Print out each entry without alteration, and keep the pictures out.

Top of SUPPLIED RECORDS

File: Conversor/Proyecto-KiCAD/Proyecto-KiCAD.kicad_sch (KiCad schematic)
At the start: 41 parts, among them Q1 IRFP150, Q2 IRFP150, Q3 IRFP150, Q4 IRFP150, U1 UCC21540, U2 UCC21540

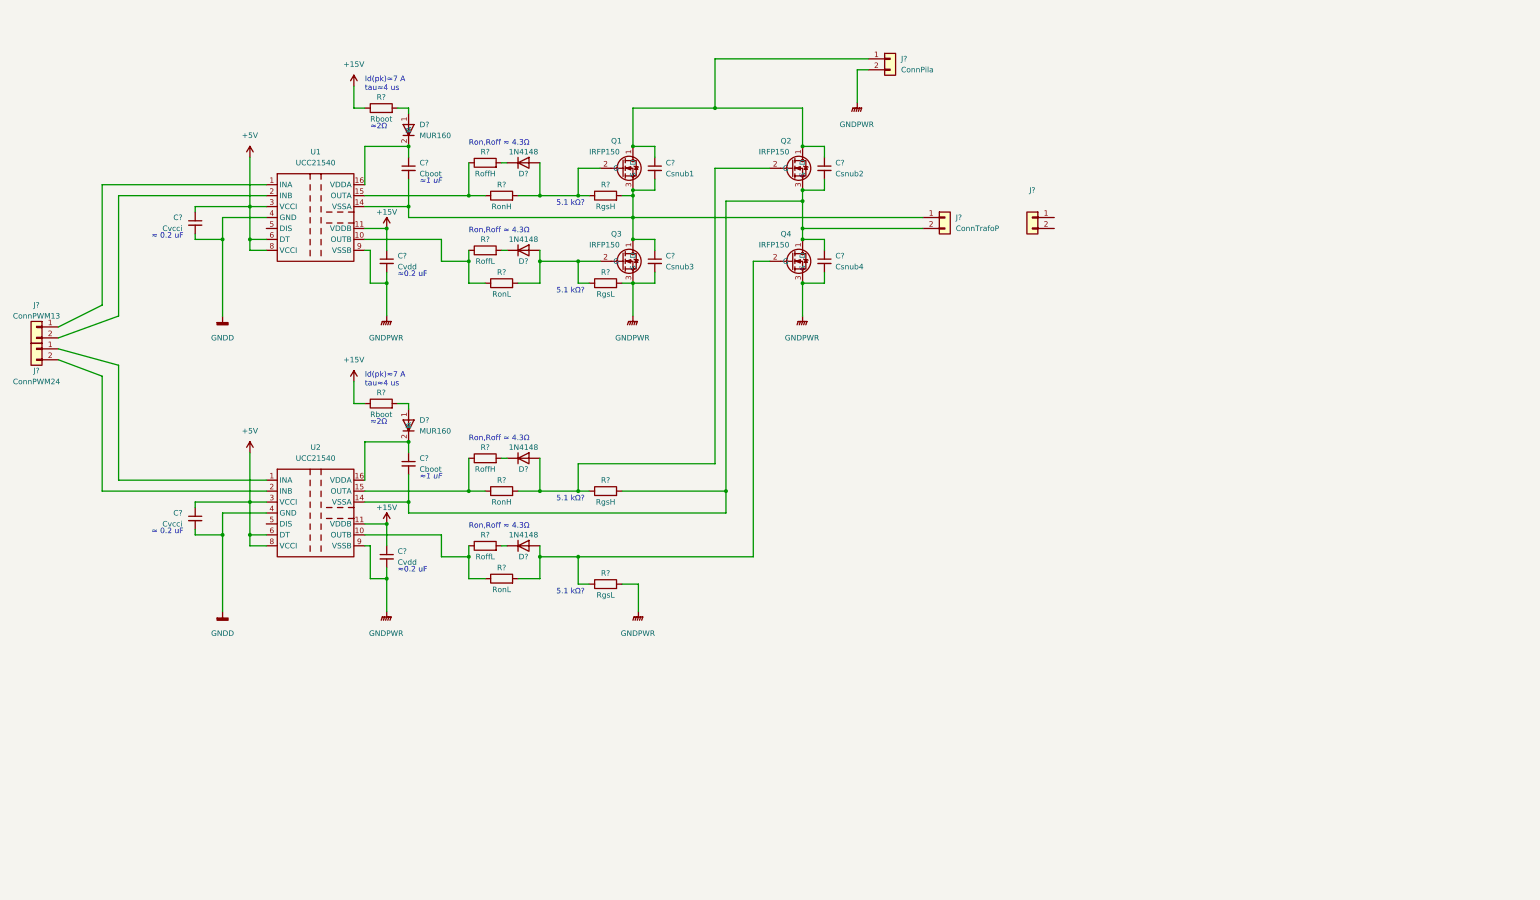
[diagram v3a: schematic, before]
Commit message: Terminar el esquematico del conversor
- Arrancado el esquematico de los sensores de tension/corriente/potencia
- Agregado el sensor Hall (ACS709) a la biblioteca de KiCAD y su datasheet
- Agregada datasheet de diodos MUR860 y SF86
- Mandado mail a Elemon consultando stock de diodos y transistores
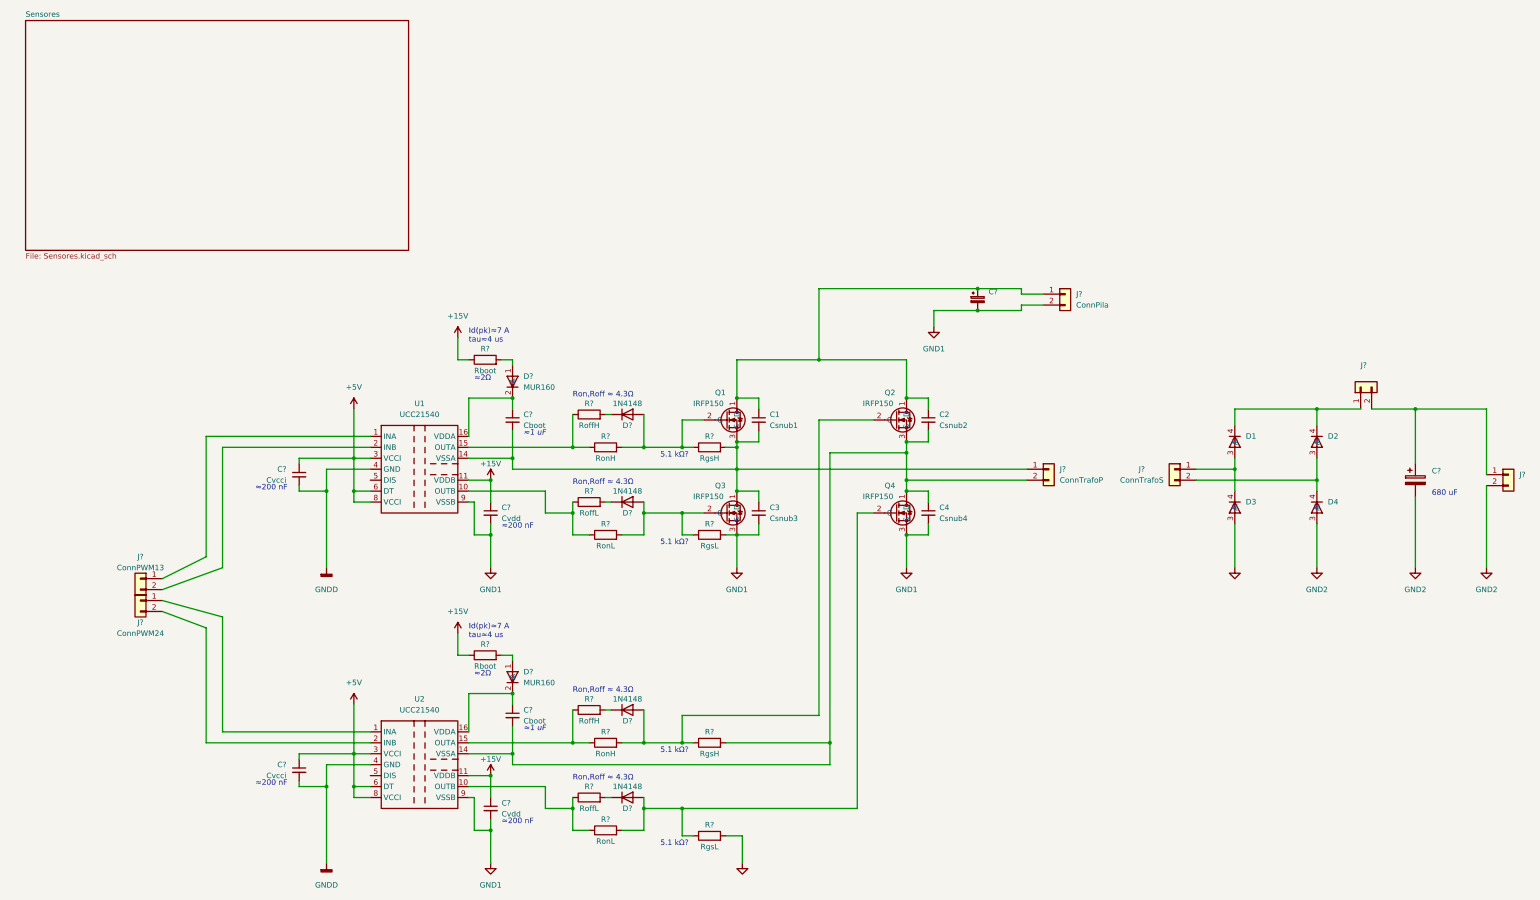
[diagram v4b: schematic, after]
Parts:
- added C?: (no value), symbol Device:C_Polarized
- added C?: (no value), symbol Device:C_Polarized_Small
- added D1, D2, D3, D4: (no value), symbol Componentes proyecto:MUR860
- added J? (x2): (no value), symbol Connector_Generic:Conn_01x02
- J?: value (none) -> ConnTrafoS
- gave numbers to parts that had none: 4
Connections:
- net at C1.1, C2.1, J?.1 (Pin_1)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: now also C?.1
- net at J?.1 (Pin_1): now also D1.3 (A), D3.4 (K)
- net at J?.2 (Pin_2): now also D2.3 (A), D4.4 (K)
- net GNDPWR renamed GND1
- net GND1: now also C?.2
- new net: D1.4 (K), D2.4 (K), J?.1 (Pin_1)
- new net: C?.1, J?.1 (Pin_1), J?.2 (Pin_2)
- new net GND2: C?.2, D3.3 (A), D4.3 (A), J?.2 (Pin_2)
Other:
- added sheet Sensores (Sensores.kicad_sch)
- note added: "680 uF"
- note added: "≈200 nF"
- note removed: "≈ 0.2 uF"
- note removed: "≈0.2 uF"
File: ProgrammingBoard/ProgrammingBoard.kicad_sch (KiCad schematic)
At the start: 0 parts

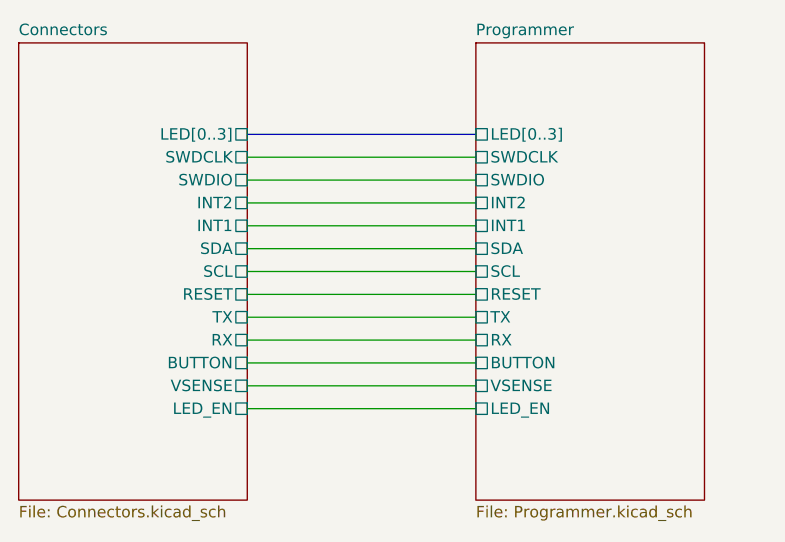
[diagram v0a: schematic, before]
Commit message: Remove LED driver
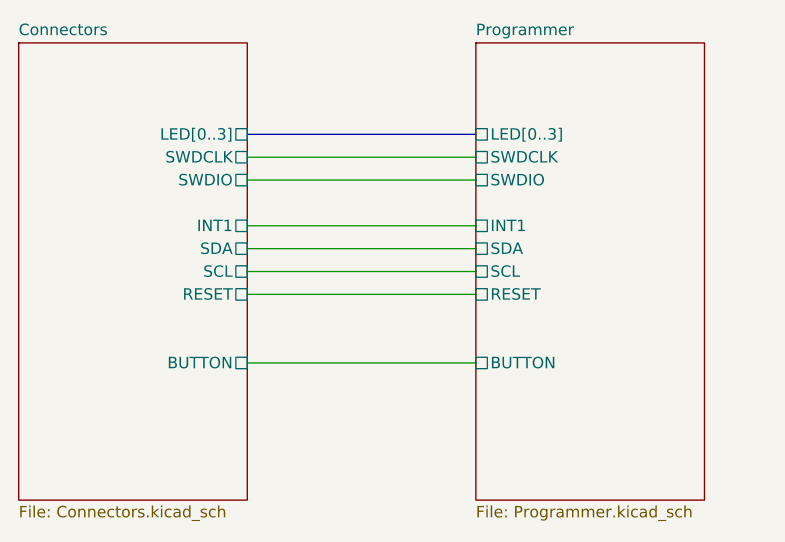
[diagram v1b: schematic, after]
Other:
- sheet Connectors ports: added none; removed INT2, LED_EN, RX, TX, VSENSE
- sheet Programmer ports: added none; removed INT2, LED_EN, RX, TX, VSENSE
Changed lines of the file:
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@@
-    (stroke (width 0) (type default))
-  )
-  (wire (pts (xy 88.9 81.28) (xy 114.3 81.28))
     (stroke (width 0) (type default))
   )
@@
     (stroke (width 0) (type default))
   )
-  (wire (pts (xy 88.9 104.14) (xy 114.3 104.14))
-    (stroke (width 0) (type default))
-  )
-  (wire (pts (xy 88.9 96.52) (xy 114.3 96.52))
-    (stroke (width 0) (type default))
-  )
   (wire (pts (xy 88.9 91.44) (xy 114.3 91.44))
-    (stroke (width 0) (type default))
-  )
-  (wire (pts (xy 88.9 93.98) (xy 114.3 93.98))
     (stroke (width 0) (type default))
   )
@@
   )
   (wire (pts (xy 88.9 83.82) (xy 114.3 83.82))
-    (stroke (width 0) (type default))
-  )
-  (wire (pts (xy 88.9 101.6) (xy 114.3 101.6))
     (stroke (width 0) (type default))
   )
@@
       (effects (font (size 1.27 1.27)) (justify right))
     )
-    (pin "INT2" passive (at 88.9 81.28 0)
-      (effects (font (size 1.27 1.27)) (justify right))
-    )
     (pin "RESET" passive (at 88.9 91.44 0)
       (effects (font (size 1.27 1.27)) (justify right))
@@
       (effects (font (size 1.27 1.27)) (justify right))
     )
-    (pin "TX" passive (at 88.9 93.98 0)
-      (effects (font (size 1.27 1.27)) (justify right))
-    )
-    (pin "RX" passive (at 88.9 96.52 0)
-      (effects (font (size 1.27 1.27)) (justify right))
-    )
     (pin "BUTTON" passive (at 88.9 99.06 0)
       (effects (font (size 1.27 1.27)) (justify right))
     )
     (pin "SCL" passive (at 88.9 88.9 0)
-      (effects (font (size 1.27 1.27)) (justify right))
-    )
-    (pin "VSENSE" passive (at 88.9 101.6 0)
-      (effects (font (size 1.27 1.27)) (justify right))
-    )
-    (pin "LED_EN" passive (at 88.9 104.14 0)
       (effects (font (size 1.27 1.27)) (justify right))
     )
@@
       (effects (font (size 1.27 1.27)) (justify left))
     )
-    (pin "INT2" passive (at 114.3 81.28 180)
-      (effects (font (size 1.27 1.27)) (justify left))
-    )
     (pin "SWDCLK" passive (at 114.3 76.2 180)
-      (effects (font (size 1.27 1.27)) (justify left))
-    )
-    (pin "RX" passive (at 114.3 96.52 180)
-      (effects (font (size 1.27 1.27)) (justify left))
-    )
-    (pin "VSENSE" passive (at 114.3 101.6 180)
-      (effects (font (size 1.27 1.27)) (justify left))
-    )
-    (pin "TX" passive (at 114.3 93.98 180)
       (effects (font (size 1.27 1.27)) (justify left))
     )
@@
       (effects (font (size 1.27 1.27)) (justify left))
     )
-    (pin "LED_EN" passive (at 114.3 104.14 180)
-      (effects (font (size 1.27 1.27)) (justify left))
-    )

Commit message: Change led matrix routing for sinking current through mcu, sourcing from battery
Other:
- title: (none) -> WordWatch - Programming Board
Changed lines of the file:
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@@
 (kicad_sch (version 20230121) (generator eeschema)
   (paper "A4")
+  (title_block
+    (title "WordWatch - Programming Board")
+    (date "2023-11-11")
+    (rev "1.0")
+  )
   (wire (pts (xy 88.9 88.9) (xy 114.3 88.9))
     (stroke (width 0) (type default))

Bottom of SUPPLIED RECORDS

## ANSWER BELOW
File: Conversor/Proyecto-KiCAD/Proyecto-KiCAD.kicad_sch (KiCad schematic)
At the start: 41 parts, among them Q1 IRFP150, Q2 IRFP150, Q3 IRFP150, Q4 IRFP150, U1 UCC21540, U2 UCC21540

[diagram v3a: schematic, before]
Commit message: Terminar el esquematico del conversor
- Arrancado el esquematico de los sensores de tension/corriente/potencia
- Agregado el sensor Hall (ACS709) a la biblioteca de KiCAD y su datasheet
- Agregada datasheet de diodos MUR860 y SF86
- Mandado mail a Elemon consultando stock de diodos y transistores
[diagram v4b: schematic, after]
Parts:
- added C?: (no value), symbol Device:C_Polarized
- added C?: (no value), symbol Device:C_Polarized_Small
- added D1, D2, D3, D4: (no value), symbol Componentes proyecto:MUR860
- added J? (x2): (no value), symbol Connector_Generic:Conn_01x02
- J?: value (none) -> ConnTrafoS
- gave numbers to parts that had none: 4
Connections:
- net at C1.1, C2.1, J?.1 (Pin_1): now also C?.1
- net at J?.1 (Pin_1): now also D1.3 (A), D3.4 (K)
- net at J?.2 (Pin_2): now also D2.3 (A), D4.4 (K)
- net GNDPWR renamed GND1
- net GND1: now also C?.2
- new net: D1.4 (K), D2.4 (K), J?.1 (Pin_1)
- new net: C?.1, J?.1 (Pin_1), J?.2 (Pin_2)
- new net GND2: C?.2, D3.3 (A), D4.3 (A), J?.2 (Pin_2)
Other:
- added sheet Sensores (Sensores.kicad_sch)
- note added: "680 uF"
- note added: "≈200 nF"
- note removed: "≈ 0.2 uF"
- note removed: "≈0.2 uF"
File: ProgrammingBoard/ProgrammingBoard.kicad_sch (KiCad schematic)
At the start: 0 parts

[diagram v0a: schematic, before]
Commit message: Remove LED driver
[diagram v1b: schematic, after]
Other:
- sheet Connectors ports: added none; removed INT2, LED_EN, RX, TX, VSENSE
- sheet Programmer ports: added none; removed INT2, LED_EN, RX, TX, VSENSE
Changed lines of the file:
@@
-    (stroke (width 0) (type default))
-  )
-  (wire (pts (xy 88.9 81.28) (xy 114.3 81.28))
     (stroke (width 0) (type default))
   )
@@
     (stroke (width 0) (type default))
   )
-  (wire (pts (xy 88.9 104.14) (xy 114.3 104.14))
-    (stroke (width 0) (type default))
-  )
-  (wire (pts (xy 88.9 96.52) (xy 114.3 96.52))
-    (stroke (width 0) (type default))
-  )
   (wire (pts (xy 88.9 91.44) (xy 114.3 91.44))
-    (stroke (width 0) (type default))
-  )
-  (wire (pts (xy 88.9 93.98) (xy 114.3 93.98))
     (stroke (width 0) (type default))
   )
@@
   )
   (wire (pts (xy 88.9 83.82) (xy 114.3 83.82))
-    (stroke (width 0) (type default))
-  )
-  (wire (pts (xy 88.9 101.6) (xy 114.3 101.6))
     (stroke (width 0) (type default))
   )
@@
       (effects (font (size 1.27 1.27)) (justify right))
     )
-    (pin "INT2" passive (at 88.9 81.28 0)
-      (effects (font (size 1.27 1.27)) (justify right))
-    )
     (pin "RESET" passive (at 88.9 91.44 0)
       (effects (font (size 1.27 1.27)) (justify right))
@@
       (effects (font (size 1.27 1.27)) (justify right))
     )
-    (pin "TX" passive (at 88.9 93.98 0)
-      (effects (font (size 1.27 1.27)) (justify right))
-    )
-    (pin "RX" passive (at 88.9 96.52 0)
-      (effects (font (size 1.27 1.27)) (justify right))
-    )
     (pin "BUTTON" passive (at 88.9 99.06 0)
       (effects (font (size 1.27 1.27)) (justify right))
     )
     (pin "SCL" passive (at 88.9 88.9 0)
-      (effects (font (size 1.27 1.27)) (justify right))
-    )
-    (pin "VSENSE" passive (at 88.9 101.6 0)
-      (effects (font (size 1.27 1.27)) (justify right))
-    )
-    (pin "LED_EN" passive (at 88.9 104.14 0)
       (effects (font (size 1.27 1.27)) (justify right))
     )
@@
       (effects (font (size 1.27 1.27)) (justify left))
     )
-    (pin "INT2" passive (at 114.3 81.28 180)
-      (effects (font (size 1.27 1.27)) (justify left))
-    )
     (pin "SWDCLK" passive (at 114.3 76.2 180)
-      (effects (font (size 1.27 1.27)) (justify left))
-    )
-    (pin "RX" passive (at 114.3 96.52 180)
-      (effects (font (size 1.27 1.27)) (justify left))
-    )
-    (pin "VSENSE" passive (at 114.3 101.6 180)
-      (effects (font (size 1.27 1.27)) (justify left))
-    )
-    (pin "TX" passive (at 114.3 93.98 180)
       (effects (font (size 1.27 1.27)) (justify left))
     )
@@
       (effects (font (size 1.27 1.27)) (justify left))
     )
-    (pin "LED_EN" passive (at 114.3 104.14 180)
-      (effects (font (size 1.27 1.27)) (justify left))
-    )

Commit message: Change led matrix routing for sinking current through mcu, sourcing from battery
Other:
- title: (none) -> WordWatch - Programming Board
Changed lines of the file:
@@
 (kicad_sch (version 20230121) (generator eeschema)
   (paper "A4")
+  (title_block
+    (title "WordWatch - Programming Board")
+    (date "2023-11-11")
+    (rev "1.0")
+  )
   (wire (pts (xy 88.9 88.9) (xy 114.3 88.9))
     (stroke (width 0) (type default))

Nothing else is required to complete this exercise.